Ce livre regroupe deux nouvelles longues de Samuel R delany. Elles s'inscrivent dans le sous-genre du space-opera si prisé par l'auteur.
La première nouvelle fonctionne comme une enquête policière avec un mystère a éclaircir pour le personnage principal. Ce mystère nous tient en haleine tout du long même si la révélation finale m'a un peu déçu.
La seconde nouvelle est plus torturée. L'intrigue commence simplement avant de se complexifier (c'est le cas de le dire !!!!) progressivement jusqu'à une conclusion dont je ne suis pas sur d'avoir capter toutes les subtilités.
Ces deux nouvelles ne dépayseront pas les lecteurs de l'écrivain puisqu'elles sont déjà imprégnés de son style de sa personnalité, annonçant ses trois romans les plus célèbres que sont « Babel 17 », « L'intersection Einstein » et « Nova ».

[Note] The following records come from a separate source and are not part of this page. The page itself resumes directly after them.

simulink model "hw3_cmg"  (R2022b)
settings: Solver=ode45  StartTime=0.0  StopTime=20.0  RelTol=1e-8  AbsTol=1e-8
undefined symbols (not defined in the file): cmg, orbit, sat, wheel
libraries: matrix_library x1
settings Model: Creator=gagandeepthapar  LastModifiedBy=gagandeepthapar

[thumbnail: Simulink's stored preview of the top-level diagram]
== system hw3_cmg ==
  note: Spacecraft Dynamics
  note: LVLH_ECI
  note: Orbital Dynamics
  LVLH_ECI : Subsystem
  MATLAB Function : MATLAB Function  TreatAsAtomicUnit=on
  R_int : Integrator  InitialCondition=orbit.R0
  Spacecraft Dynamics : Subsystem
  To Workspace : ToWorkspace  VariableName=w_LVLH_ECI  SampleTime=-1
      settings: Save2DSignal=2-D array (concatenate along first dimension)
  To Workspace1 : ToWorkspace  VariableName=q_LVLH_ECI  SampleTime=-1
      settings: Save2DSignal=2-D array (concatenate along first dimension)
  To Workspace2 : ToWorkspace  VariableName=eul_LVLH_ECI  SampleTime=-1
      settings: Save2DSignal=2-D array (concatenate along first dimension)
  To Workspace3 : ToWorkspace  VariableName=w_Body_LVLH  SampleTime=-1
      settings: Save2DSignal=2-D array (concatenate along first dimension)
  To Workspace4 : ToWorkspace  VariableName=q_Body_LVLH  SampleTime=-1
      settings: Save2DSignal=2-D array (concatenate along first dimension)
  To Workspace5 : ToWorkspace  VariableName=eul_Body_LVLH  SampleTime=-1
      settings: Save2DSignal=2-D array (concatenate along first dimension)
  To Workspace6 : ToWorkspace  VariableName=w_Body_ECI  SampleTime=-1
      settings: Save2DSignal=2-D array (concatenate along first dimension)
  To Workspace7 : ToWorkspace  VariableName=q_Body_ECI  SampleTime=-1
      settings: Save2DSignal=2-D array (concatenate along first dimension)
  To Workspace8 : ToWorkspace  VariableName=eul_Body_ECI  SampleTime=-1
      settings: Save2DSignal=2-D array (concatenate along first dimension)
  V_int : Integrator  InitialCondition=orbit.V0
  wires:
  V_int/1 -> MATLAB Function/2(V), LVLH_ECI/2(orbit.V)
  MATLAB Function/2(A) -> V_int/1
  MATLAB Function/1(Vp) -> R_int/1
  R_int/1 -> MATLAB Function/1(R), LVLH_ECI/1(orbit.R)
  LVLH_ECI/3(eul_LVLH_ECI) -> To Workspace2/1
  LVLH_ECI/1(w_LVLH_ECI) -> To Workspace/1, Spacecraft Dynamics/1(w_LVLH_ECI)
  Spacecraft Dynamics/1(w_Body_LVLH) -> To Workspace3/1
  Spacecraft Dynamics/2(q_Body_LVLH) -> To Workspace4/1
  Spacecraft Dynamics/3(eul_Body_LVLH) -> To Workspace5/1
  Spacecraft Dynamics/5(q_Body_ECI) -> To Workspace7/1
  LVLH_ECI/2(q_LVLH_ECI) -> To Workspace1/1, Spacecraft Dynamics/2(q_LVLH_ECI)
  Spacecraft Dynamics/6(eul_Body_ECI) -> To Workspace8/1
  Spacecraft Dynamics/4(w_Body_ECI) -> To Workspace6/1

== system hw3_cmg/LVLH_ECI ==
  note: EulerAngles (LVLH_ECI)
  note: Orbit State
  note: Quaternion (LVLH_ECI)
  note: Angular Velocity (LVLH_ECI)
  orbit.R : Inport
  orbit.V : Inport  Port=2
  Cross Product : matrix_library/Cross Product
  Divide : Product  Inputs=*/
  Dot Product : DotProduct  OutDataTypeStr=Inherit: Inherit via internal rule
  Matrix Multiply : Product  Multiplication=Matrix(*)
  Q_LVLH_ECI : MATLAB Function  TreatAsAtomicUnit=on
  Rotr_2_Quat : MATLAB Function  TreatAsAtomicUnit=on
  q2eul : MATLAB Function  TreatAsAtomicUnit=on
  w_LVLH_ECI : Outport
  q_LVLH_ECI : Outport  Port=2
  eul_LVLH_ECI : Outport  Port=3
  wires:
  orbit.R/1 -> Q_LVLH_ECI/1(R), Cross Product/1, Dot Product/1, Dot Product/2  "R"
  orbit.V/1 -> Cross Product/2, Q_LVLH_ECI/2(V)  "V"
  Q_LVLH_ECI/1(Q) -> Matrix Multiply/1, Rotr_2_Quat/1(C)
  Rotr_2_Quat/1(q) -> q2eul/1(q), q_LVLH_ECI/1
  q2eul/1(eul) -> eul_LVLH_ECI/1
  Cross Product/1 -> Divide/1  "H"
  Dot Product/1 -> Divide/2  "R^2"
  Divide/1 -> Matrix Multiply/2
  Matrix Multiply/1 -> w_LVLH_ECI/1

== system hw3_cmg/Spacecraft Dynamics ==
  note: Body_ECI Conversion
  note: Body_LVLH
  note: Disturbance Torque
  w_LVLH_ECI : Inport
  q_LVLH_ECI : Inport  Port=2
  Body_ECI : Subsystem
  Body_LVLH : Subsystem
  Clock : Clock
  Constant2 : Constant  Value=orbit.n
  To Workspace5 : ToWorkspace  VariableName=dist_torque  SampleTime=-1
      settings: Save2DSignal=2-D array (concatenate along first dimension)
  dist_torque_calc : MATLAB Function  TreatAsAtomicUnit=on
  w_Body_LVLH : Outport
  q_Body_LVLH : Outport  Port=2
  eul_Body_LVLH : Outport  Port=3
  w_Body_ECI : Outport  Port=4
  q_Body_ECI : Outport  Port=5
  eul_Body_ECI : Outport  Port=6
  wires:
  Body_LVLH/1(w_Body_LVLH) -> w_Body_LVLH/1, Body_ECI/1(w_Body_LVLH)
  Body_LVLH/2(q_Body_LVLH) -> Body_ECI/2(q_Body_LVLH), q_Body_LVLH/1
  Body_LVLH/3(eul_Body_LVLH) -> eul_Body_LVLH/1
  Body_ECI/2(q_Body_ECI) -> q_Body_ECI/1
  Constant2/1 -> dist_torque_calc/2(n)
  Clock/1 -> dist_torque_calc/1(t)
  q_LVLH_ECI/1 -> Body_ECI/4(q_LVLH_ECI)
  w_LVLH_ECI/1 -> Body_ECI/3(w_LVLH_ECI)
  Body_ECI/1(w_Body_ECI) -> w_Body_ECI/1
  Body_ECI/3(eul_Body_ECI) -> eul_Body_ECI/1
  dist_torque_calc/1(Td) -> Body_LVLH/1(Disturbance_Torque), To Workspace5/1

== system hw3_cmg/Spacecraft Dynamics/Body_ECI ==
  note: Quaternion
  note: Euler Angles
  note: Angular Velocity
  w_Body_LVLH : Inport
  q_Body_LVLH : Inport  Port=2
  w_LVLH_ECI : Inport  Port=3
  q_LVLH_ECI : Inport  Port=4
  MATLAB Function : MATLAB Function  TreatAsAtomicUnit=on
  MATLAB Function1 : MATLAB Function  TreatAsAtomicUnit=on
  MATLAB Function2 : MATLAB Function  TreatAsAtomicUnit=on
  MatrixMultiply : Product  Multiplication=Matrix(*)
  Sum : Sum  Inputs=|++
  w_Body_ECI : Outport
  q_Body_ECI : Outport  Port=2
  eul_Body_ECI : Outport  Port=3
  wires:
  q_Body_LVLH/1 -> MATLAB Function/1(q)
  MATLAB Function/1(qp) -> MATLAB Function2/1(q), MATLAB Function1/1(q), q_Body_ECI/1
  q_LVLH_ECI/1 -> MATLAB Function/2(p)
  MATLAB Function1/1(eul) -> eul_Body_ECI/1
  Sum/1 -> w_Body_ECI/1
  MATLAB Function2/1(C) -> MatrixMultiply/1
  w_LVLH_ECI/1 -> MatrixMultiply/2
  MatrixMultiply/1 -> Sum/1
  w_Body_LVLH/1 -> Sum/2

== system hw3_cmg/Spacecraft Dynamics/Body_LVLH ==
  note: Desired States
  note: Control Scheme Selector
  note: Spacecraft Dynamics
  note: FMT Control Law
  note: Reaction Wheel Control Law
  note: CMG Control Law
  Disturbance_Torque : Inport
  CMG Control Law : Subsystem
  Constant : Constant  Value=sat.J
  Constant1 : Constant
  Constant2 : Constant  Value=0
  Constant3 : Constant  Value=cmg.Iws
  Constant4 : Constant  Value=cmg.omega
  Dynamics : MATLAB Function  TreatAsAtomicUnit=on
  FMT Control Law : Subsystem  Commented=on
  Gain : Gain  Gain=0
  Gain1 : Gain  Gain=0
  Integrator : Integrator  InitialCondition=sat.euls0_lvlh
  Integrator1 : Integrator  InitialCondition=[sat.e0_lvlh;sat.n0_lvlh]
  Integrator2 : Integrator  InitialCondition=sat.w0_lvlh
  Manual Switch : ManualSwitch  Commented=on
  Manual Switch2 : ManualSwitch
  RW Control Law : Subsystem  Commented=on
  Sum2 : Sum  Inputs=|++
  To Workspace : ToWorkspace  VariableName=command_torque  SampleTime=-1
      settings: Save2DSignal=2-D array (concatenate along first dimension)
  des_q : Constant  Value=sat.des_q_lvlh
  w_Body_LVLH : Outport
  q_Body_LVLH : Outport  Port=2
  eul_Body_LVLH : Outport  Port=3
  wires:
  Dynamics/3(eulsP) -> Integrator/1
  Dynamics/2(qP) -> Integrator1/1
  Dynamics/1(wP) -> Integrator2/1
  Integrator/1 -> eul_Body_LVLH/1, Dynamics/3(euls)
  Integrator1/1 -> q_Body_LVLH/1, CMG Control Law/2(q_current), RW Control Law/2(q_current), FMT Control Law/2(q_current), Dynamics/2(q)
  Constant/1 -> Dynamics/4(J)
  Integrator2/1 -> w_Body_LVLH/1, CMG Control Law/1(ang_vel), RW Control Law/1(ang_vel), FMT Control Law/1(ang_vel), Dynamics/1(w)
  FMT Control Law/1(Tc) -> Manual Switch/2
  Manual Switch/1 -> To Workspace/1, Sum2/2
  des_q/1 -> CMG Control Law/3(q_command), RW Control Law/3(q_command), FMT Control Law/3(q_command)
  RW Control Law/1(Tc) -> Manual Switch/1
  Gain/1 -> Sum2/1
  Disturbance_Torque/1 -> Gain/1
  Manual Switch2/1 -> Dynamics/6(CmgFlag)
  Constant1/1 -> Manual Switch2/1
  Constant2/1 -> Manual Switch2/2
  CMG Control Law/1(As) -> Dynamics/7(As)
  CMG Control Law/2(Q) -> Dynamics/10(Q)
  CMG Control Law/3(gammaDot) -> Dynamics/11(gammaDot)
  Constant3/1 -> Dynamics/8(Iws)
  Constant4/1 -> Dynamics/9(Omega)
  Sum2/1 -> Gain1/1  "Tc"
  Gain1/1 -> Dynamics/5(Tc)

Jo, tu auras l'impression, on a l'impression, en lisant, que certains auteurs ont déjà découvert les choses que l'on découvre. Ainsi, Théodore Sturgeon, un écrivain de science-fiction d'il y a longtemps, m'anéantissait chaque fois que je lisais quelque chose de lui. Il semblait avoir vu chaque rayon de soleil jouant sur la fenêtre, chaque ombre de feuillage projetée sur les yeux mi-clos, que je pouvais voir. (...) Et il écrivait censément de la fiction, et ce, il y a quatre mille ans. Finalement, on s'aperçoit que beaucoup d'autres gens ressentent la même chose à la lecture de l'auteur en question, des gens qui n'ont ni fait, ni vu les mêmes choses que vous. Ce type d'écrivain ne court pas les rues.
- Jo, tu es toi-même. Et cela a la valeur que tu veux y mettre.
- Peut-être rien n'a-t-il plus d'importance que cela, Mul. Si cette question a une réponse, c'est celle-ci. Savoir que l'on est soi-même, et rien d'autre.
Les combinaisons récurrentes de la littérature, expliqua le Mul. Deux écrivains, le premier, un homme fait, l'autre, plus jeune, souvent guère plus qu'un enfant, et un évènement tragique. Alors, un joyau merveilleux est offert au monde. Cela est arrivé tous les vingt-cinq ou cinquante ans depuis l'avènement du Romantisme.
Je finis par me taire, tremblante et terrorisée. Il ne répondait rien, se contentant d'osciller, là devant moi. Je pus articuler :
« Qu'est-ce que tu es ? »
Et plus doucement, comme s'il l'entendait à un niveau plus profond, il répéta :
« Je ne sais pas. »
J'eus alors l'inspiration de demander :
« D'où viens-tu ? »
- De dehors, de l'extérieur de la Cité. J'existe dans le … le sable, comme vous appelez cela, dans les champs de mésons qui entourent les vaisseaux.
Quatorze fois plus gros que la Lune vue de la Terre, Sigma-9 était suspendu au-dessus de sa tête. Il savait parfaitement qu'en stase tout mouvement était aboli. Il se savait en lieu sûr à l'intérieur de son croiseur, à quelques minutes d'une douzaine de soleils et de leurs planètes rassurantes. Mais l'épave fantomatique paraissait dériver vers lui.